--- Instructions to follow ---
Using the material that follows, output exactly the lines from the one containing "#64=EDGE_CURVE('E166',#55,#63,#61,.T.);" through the one containing "#112=DIRECTION('',(0.,1.,0.));", with both ends kept.

** Information supplied follows **

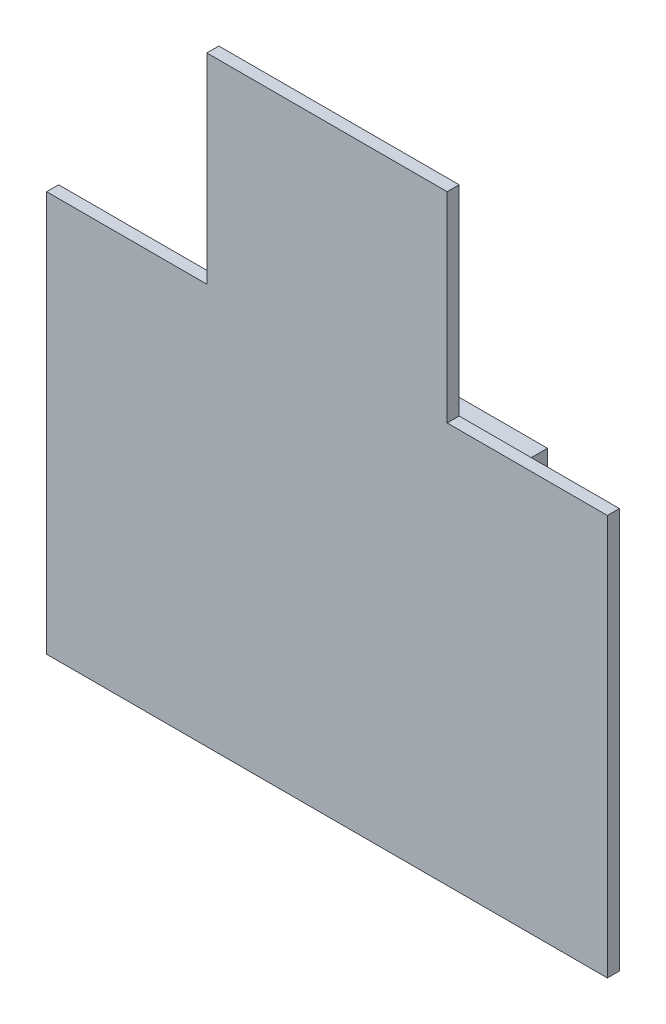
ISO-10303-21;
HEADER;
FILE_DESCRIPTION(('STEP AP214'),'2;1');
FILE_NAME('part.step','',(''),(''),'','','');
FILE_SCHEMA(('AUTOMOTIVE_DESIGN { 1 0 10303 214 1 1 1 1 }'));
ENDSEC;
DATA;
#1=APPLICATION_CONTEXT('core data for automotive mechanical design processes');
#2=APPLICATION_PROTOCOL_DEFINITION('international standard','automotive_design',2000,#1);
#3=PRODUCT_CONTEXT('',#1,'mechanical');
#4=PRODUCT('Part','Part','',(#3));
#5=PRODUCT_RELATED_PRODUCT_CATEGORY('part','',(#4));
#6=PRODUCT_DEFINITION_FORMATION('','',#4);
#7=PRODUCT_DEFINITION_CONTEXT('part definition',#1,'design');
#8=PRODUCT_DEFINITION('design','',#6,#7);
#9=PRODUCT_DEFINITION_SHAPE('','',#8);
#10=(LENGTH_UNIT() NAMED_UNIT(*) SI_UNIT(.MILLI.,.METRE.));
#11=(NAMED_UNIT(*) PLANE_ANGLE_UNIT() SI_UNIT($,.RADIAN.));
#12=(NAMED_UNIT(*) SI_UNIT($,.STERADIAN.) SOLID_ANGLE_UNIT());
#13=UNCERTAINTY_MEASURE_WITH_UNIT(LENGTH_MEASURE(1.E-05),#10,'distance_accuracy_value','');
#14=(GEOMETRIC_REPRESENTATION_CONTEXT(3) GLOBAL_UNCERTAINTY_ASSIGNED_CONTEXT((#13)) GLOBAL_UNIT_ASSIGNED_CONTEXT((#10,
#11,#12)) REPRESENTATION_CONTEXT('',''));
#15=CARTESIAN_POINT('',(0.,0.,0.));
#16=DIRECTION('',(0.,0.,1.));
#17=DIRECTION('',(1.,0.,0.));
#18=AXIS2_PLACEMENT_3D('',#15,#16,#17);
#19=CARTESIAN_POINT('',(0.,0.,0.));
#20=DIRECTION('',(0.,0.,-1.));
#21=DIRECTION('',(-1.,0.,0.));
#22=AXIS2_PLACEMENT_3D('',#19,#20,#21);
#23=PLANE('',#22);
#24=DIRECTION('',(0.,1.,0.));
#25=VECTOR('',#24,1.);
#26=CARTESIAN_POINT('',(-70.,-50.,0.));
#27=LINE('',#26,#25);
#28=CARTESIAN_POINT('',(-70.,-50.,0.));
#29=VERTEX_POINT('',#28);
#30=CARTESIAN_POINT('',(-70.,50.,0.));
#31=VERTEX_POINT('',#30);
#32=EDGE_CURVE('E180',#29,#31,#27,.T.);
#33=ORIENTED_EDGE('',*,*,#32,.T.);
#34=DIRECTION('',(1.,0.,0.));
#35=VECTOR('',#34,1.);
#36=CARTESIAN_POINT('',(-70.,50.,0.));
#37=LINE('',#36,#35);
#38=CARTESIAN_POINT('',(-30.,50.,0.));
#39=VERTEX_POINT('',#38);
#40=EDGE_CURVE('E197',#31,#39,#37,.T.);
#41=ORIENTED_EDGE('',*,*,#40,.T.);
#42=DIRECTION('',(0.,-1.,0.));
#43=VECTOR('',#42,1.);
#44=CARTESIAN_POINT('',(-30.,100.,0.));
#45=LINE('',#44,#43);
#46=CARTESIAN_POINT('',(-30.,100.,0.));
#47=VERTEX_POINT('',#46);
#48=EDGE_CURVE('E177',#47,#39,#45,.T.);
#49=ORIENTED_EDGE('',*,*,#48,.F.);
#50=DIRECTION('',(-1.,0.,0.));
#51=VECTOR('',#50,1.);
#52=CARTESIAN_POINT('',(30.,100.,0.));
#53=LINE('',#52,#51);
#54=CARTESIAN_POINT('',(30.,100.,0.));
#55=VERTEX_POINT('',#54);
#56=EDGE_CURVE('E158',#55,#47,#53,.T.);
#57=ORIENTED_EDGE('',*,*,#56,.F.);
#58=DIRECTION('',(0.,-1.,0.));
#59=VECTOR('',#58,1.);
#60=CARTESIAN_POINT('',(30.,100.,0.));
#61=LINE('',#60,#59);
#62=CARTESIAN_POINT('',(30.,50.,0.));
#63=VERTEX_POINT('',#62);
#64=EDGE_CURVE('E166',#55,#63,#61,.T.);
#65=ORIENTED_EDGE('',*,*,#64,.T.);
#66=CARTESIAN_POINT('',(70.,50.,0.));
#67=VERTEX_POINT('',#66);
#68=EDGE_CURVE('E196',#63,#67,#37,.T.);
#69=ORIENTED_EDGE('',*,*,#68,.T.);
#70=DIRECTION('',(0.,1.,0.));
#71=VECTOR('',#70,1.);
#72=CARTESIAN_POINT('',(70.,-50.,0.));
#73=LINE('',#72,#71);
#74=CARTESIAN_POINT('',(70.,-50.,0.));
#75=VERTEX_POINT('',#74);
#76=EDGE_CURVE('E200',#75,#67,#73,.T.);
#77=ORIENTED_EDGE('',*,*,#76,.F.);
#78=DIRECTION('',(1.,0.,0.));
#79=VECTOR('',#78,1.);
#80=CARTESIAN_POINT('',(-70.,-50.,0.));
#81=LINE('',#80,#79);
#82=EDGE_CURVE('E185',#29,#75,#81,.T.);
#83=ORIENTED_EDGE('',*,*,#82,.F.);
#84=EDGE_LOOP('',(#33,#41,#49,#57,#65,#69,#77,#83));
#85=FACE_BOUND('',#84,.T.);
#86=DIRECTION('',(-1.,0.,0.));
#87=VECTOR('',#86,1.);
#88=CARTESIAN_POINT('',(-32.0376232485771,-34.0531069573462,0.));
#89=LINE('',#88,#87);
#90=CARTESIAN_POINT('',(32.0376232485771,-34.0531069573462,0.));
#91=VERTEX_POINT('',#90);
#92=CARTESIAN_POINT('',(-32.0376232485771,-34.0531069573462,0.));
#93=VERTEX_POINT('',#92);
#94=EDGE_CURVE('E431',#91,#93,#89,.T.);
#95=ORIENTED_EDGE('',*,*,#94,.F.);
#96=DIRECTION('',(0.,-1.,0.));
#97=VECTOR('',#96,1.);
#98=CARTESIAN_POINT('',(32.0376232485771,34.0531069573462,0.));
#99=LINE('',#98,#97);
#100=CARTESIAN_POINT('',(32.0376232485771,34.0531069573462,0.));
#101=VERTEX_POINT('',#100);
#102=EDGE_CURVE('E149',#101,#91,#99,.T.);
#103=ORIENTED_EDGE('',*,*,#102,.F.);
#104=DIRECTION('',(1.,0.,0.));
#105=VECTOR('',#104,1.);
#106=CARTESIAN_POINT('',(-32.0376232485771,34.0531069573462,0.));
#107=LINE('',#106,#105);
#108=CARTESIAN_POINT('',(-32.0376232485771,34.0531069573462,0.));
#109=VERTEX_POINT('',#108);
#110=EDGE_CURVE('E145',#109,#101,#107,.T.);
#111=ORIENTED_EDGE('',*,*,#110,.F.);
#112=DIRECTION('',(0.,1.,0.));
#113=VECTOR('',#112,1.);
#114=CARTESIAN_POINT('',(-32.0376232485771,34.0531069573462,0.));
#115=LINE('',#114,#113);
#116=EDGE_CURVE('E433',#93,#109,#115,.T.);
#117=ORIENTED_EDGE('',*,*,#116,.F.);
#118=EDGE_LOOP('',(#95,#103,#111,#117));
#119=FACE_BOUND('',#118,.T.);
#120=ADVANCED_FACE('F37',(#85,#119),#23,.T.);
#121=CARTESIAN_POINT('',(-70.,50.,3.));
#122=DIRECTION('',(0.,1.,0.));
#123=DIRECTION('',(0.,0.,1.));
#124=AXIS2_PLACEMENT_3D('',#121,#122,#123);
#125=PLANE('',#124);
#126=DIRECTION('',(0.,0.,-1.));
#127=VECTOR('',#126,1.);
#128=CARTESIAN_POINT('',(30.,50.,0.));
#129=LINE('',#128,#127);
#130=CARTESIAN_POINT('',(30.,50.,3.));
#131=VERTEX_POINT('',#130);
#132=EDGE_CURVE('E60',#131,#63,#129,.T.);
#133=ORIENTED_EDGE('',*,*,#132,.F.);
#134=DIRECTION('',(1.,0.,0.));
#135=VECTOR('',#134,1.);
#136=CARTESIAN_POINT('',(-70.,50.,3.));
#137=LINE('',#136,#135);
#138=CARTESIAN_POINT('',(70.,50.,3.));
#139=VERTEX_POINT('',#138);
#140=EDGE_CURVE('E184',#131,#139,#137,.T.);
#141=ORIENTED_EDGE('',*,*,#140,.T.);
#142=DIRECTION('',(0.,0.,-1.));
#143=VECTOR('',#142,1.);
#144=CARTESIAN_POINT('',(70.,50.,3.));
#145=LINE('',#144,#143);
#146=EDGE_CURVE('E209',#139,#67,#145,.T.);
#147=ORIENTED_EDGE('',*,*,#146,.T.);
#148=ORIENTED_EDGE('',*,*,#68,.F.);
#149=EDGE_LOOP('',(#133,#141,#147,#148));
#150=FACE_BOUND('',#149,.T.);
#151=ADVANCED_FACE('F232',(#150),#125,.T.);
#152=CARTESIAN_POINT('',(-70.,-50.,3.));
#153=DIRECTION('',(-1.,0.,0.));
#154=DIRECTION('',(0.,0.,1.));
#155=AXIS2_PLACEMENT_3D('',#152,#153,#154);
#156=PLANE('',#155);
#157=ORIENTED_EDGE('',*,*,#32,.F.);
#158=DIRECTION('',(0.,0.,-1.));
#159=VECTOR('',#158,1.);
#160=CARTESIAN_POINT('',(-70.,-50.,3.));
#161=LINE('',#160,#159);
#162=CARTESIAN_POINT('',(-70.,-50.,3.));
#163=VERTEX_POINT('',#162);
#164=EDGE_CURVE('E204',#163,#29,#161,.T.);
#165=ORIENTED_EDGE('',*,*,#164,.F.);
#166=DIRECTION('',(0.,1.,0.));
#167=VECTOR('',#166,1.);
#168=CARTESIAN_POINT('',(-70.,-50.,3.));
#169=LINE('',#168,#167);
#170=CARTESIAN_POINT('',(-70.,50.,3.));
#171=VERTEX_POINT('',#170);
#172=EDGE_CURVE('E181',#163,#171,#169,.T.);
#173=ORIENTED_EDGE('',*,*,#172,.T.);
#174=DIRECTION('',(0.,0.,-1.));
#175=VECTOR('',#174,1.);
#176=CARTESIAN_POINT('',(-70.,50.,3.));
#177=LINE('',#176,#175);
#178=EDGE_CURVE('E193',#171,#31,#177,.T.);
#179=ORIENTED_EDGE('',*,*,#178,.T.);
#180=EDGE_LOOP('',(#157,#165,#173,#179));
#181=FACE_BOUND('',#180,.T.);
#182=ADVANCED_FACE('F39',(#181),#156,.T.);
#183=CARTESIAN_POINT('',(-70.,-50.,3.));
#184=DIRECTION('',(0.,1.,0.));
#185=DIRECTION('',(0.,0.,1.));
#186=AXIS2_PLACEMENT_3D('',#183,#184,#185);
#187=PLANE('',#186);
#188=ORIENTED_EDGE('',*,*,#82,.T.);
#189=DIRECTION('',(0.,0.,-1.));
#190=VECTOR('',#189,1.);
#191=CARTESIAN_POINT('',(70.,-50.,3.));
#192=LINE('',#191,#190);
#193=CARTESIAN_POINT('',(70.,-50.,3.));
#194=VERTEX_POINT('',#193);
#195=EDGE_CURVE('E206',#194,#75,#192,.T.);
#196=ORIENTED_EDGE('',*,*,#195,.F.);
#197=DIRECTION('',(1.,0.,0.));
#198=VECTOR('',#197,1.);
#199=CARTESIAN_POINT('',(-70.,-50.,3.));
#200=LINE('',#199,#198);
#201=EDGE_CURVE('E191',#163,#194,#200,.T.);
#202=ORIENTED_EDGE('',*,*,#201,.F.);
#203=ORIENTED_EDGE('',*,*,#164,.T.);
#204=EDGE_LOOP('',(#188,#196,#202,#203));
#205=FACE_BOUND('',#204,.T.);
#206=ADVANCED_FACE('F244',(#205),#187,.F.);
#207=CARTESIAN_POINT('',(70.,-50.,3.));
#208=DIRECTION('',(-1.,0.,0.));
#209=DIRECTION('',(0.,0.,1.));
#210=AXIS2_PLACEMENT_3D('',#207,#208,#209);
#211=PLANE('',#210);
#212=ORIENTED_EDGE('',*,*,#76,.T.);
#213=ORIENTED_EDGE('',*,*,#146,.F.);
#214=DIRECTION('',(0.,1.,0.));
#215=VECTOR('',#214,1.);
#216=CARTESIAN_POINT('',(70.,-50.,3.));
#217=LINE('',#216,#215);
#218=EDGE_CURVE('E188',#194,#139,#217,.T.);
#219=ORIENTED_EDGE('',*,*,#218,.F.);
#220=ORIENTED_EDGE('',*,*,#195,.T.);
#221=EDGE_LOOP('',(#212,#213,#219,#220));
#222=FACE_BOUND('',#221,.T.);
#223=ADVANCED_FACE('F247',(#222),#211,.F.);
#224=DIRECTION('',(0.,0.,1.));
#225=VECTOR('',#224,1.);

** End of Information supplied **

--- Reply ---
#64=EDGE_CURVE('E166',#55,#63,#61,.T.);
#65=ORIENTED_EDGE('',*,*,#64,.T.);
#66=CARTESIAN_POINT('',(70.,50.,0.));
#67=VERTEX_POINT('',#66);
#68=EDGE_CURVE('E196',#63,#67,#37,.T.);
#69=ORIENTED_EDGE('',*,*,#68,.T.);
#70=DIRECTION('',(0.,1.,0.));
#71=VECTOR('',#70,1.);
#72=CARTESIAN_POINT('',(70.,-50.,0.));
#73=LINE('',#72,#71);
#74=CARTESIAN_POINT('',(70.,-50.,0.));
#75=VERTEX_POINT('',#74);
#76=EDGE_CURVE('E200',#75,#67,#73,.T.);
#77=ORIENTED_EDGE('',*,*,#76,.F.);
#78=DIRECTION('',(1.,0.,0.));
#79=VECTOR('',#78,1.);
#80=CARTESIAN_POINT('',(-70.,-50.,0.));
#81=LINE('',#80,#79);
#82=EDGE_CURVE('E185',#29,#75,#81,.T.);
#83=ORIENTED_EDGE('',*,*,#82,.F.);
#84=EDGE_LOOP('',(#33,#41,#49,#57,#65,#69,#77,#83));
#85=FACE_BOUND('',#84,.T.);
#86=DIRECTION('',(-1.,0.,0.));
#87=VECTOR('',#86,1.);
#88=CARTESIAN_POINT('',(-32.0376232485771,-34.0531069573462,0.));
#89=LINE('',#88,#87);
#90=CARTESIAN_POINT('',(32.0376232485771,-34.0531069573462,0.));
#91=VERTEX_POINT('',#90);
#92=CARTESIAN_POINT('',(-32.0376232485771,-34.0531069573462,0.));
#93=VERTEX_POINT('',#92);
#94=EDGE_CURVE('E431',#91,#93,#89,.T.);
#95=ORIENTED_EDGE('',*,*,#94,.F.);
#96=DIRECTION('',(0.,-1.,0.));
#97=VECTOR('',#96,1.);
#98=CARTESIAN_POINT('',(32.0376232485771,34.0531069573462,0.));
#99=LINE('',#98,#97);
#100=CARTESIAN_POINT('',(32.0376232485771,34.0531069573462,0.));
#101=VERTEX_POINT('',#100);
#102=EDGE_CURVE('E149',#101,#91,#99,.T.);
#103=ORIENTED_EDGE('',*,*,#102,.F.);
#104=DIRECTION('',(1.,0.,0.));
#105=VECTOR('',#104,1.);
#106=CARTESIAN_POINT('',(-32.0376232485771,34.0531069573462,0.));
#107=LINE('',#106,#105);
#108=CARTESIAN_POINT('',(-32.0376232485771,34.0531069573462,0.));
#109=VERTEX_POINT('',#108);
#110=EDGE_CURVE('E145',#109,#101,#107,.T.);
#111=ORIENTED_EDGE('',*,*,#110,.F.);
#112=DIRECTION('',(0.,1.,0.));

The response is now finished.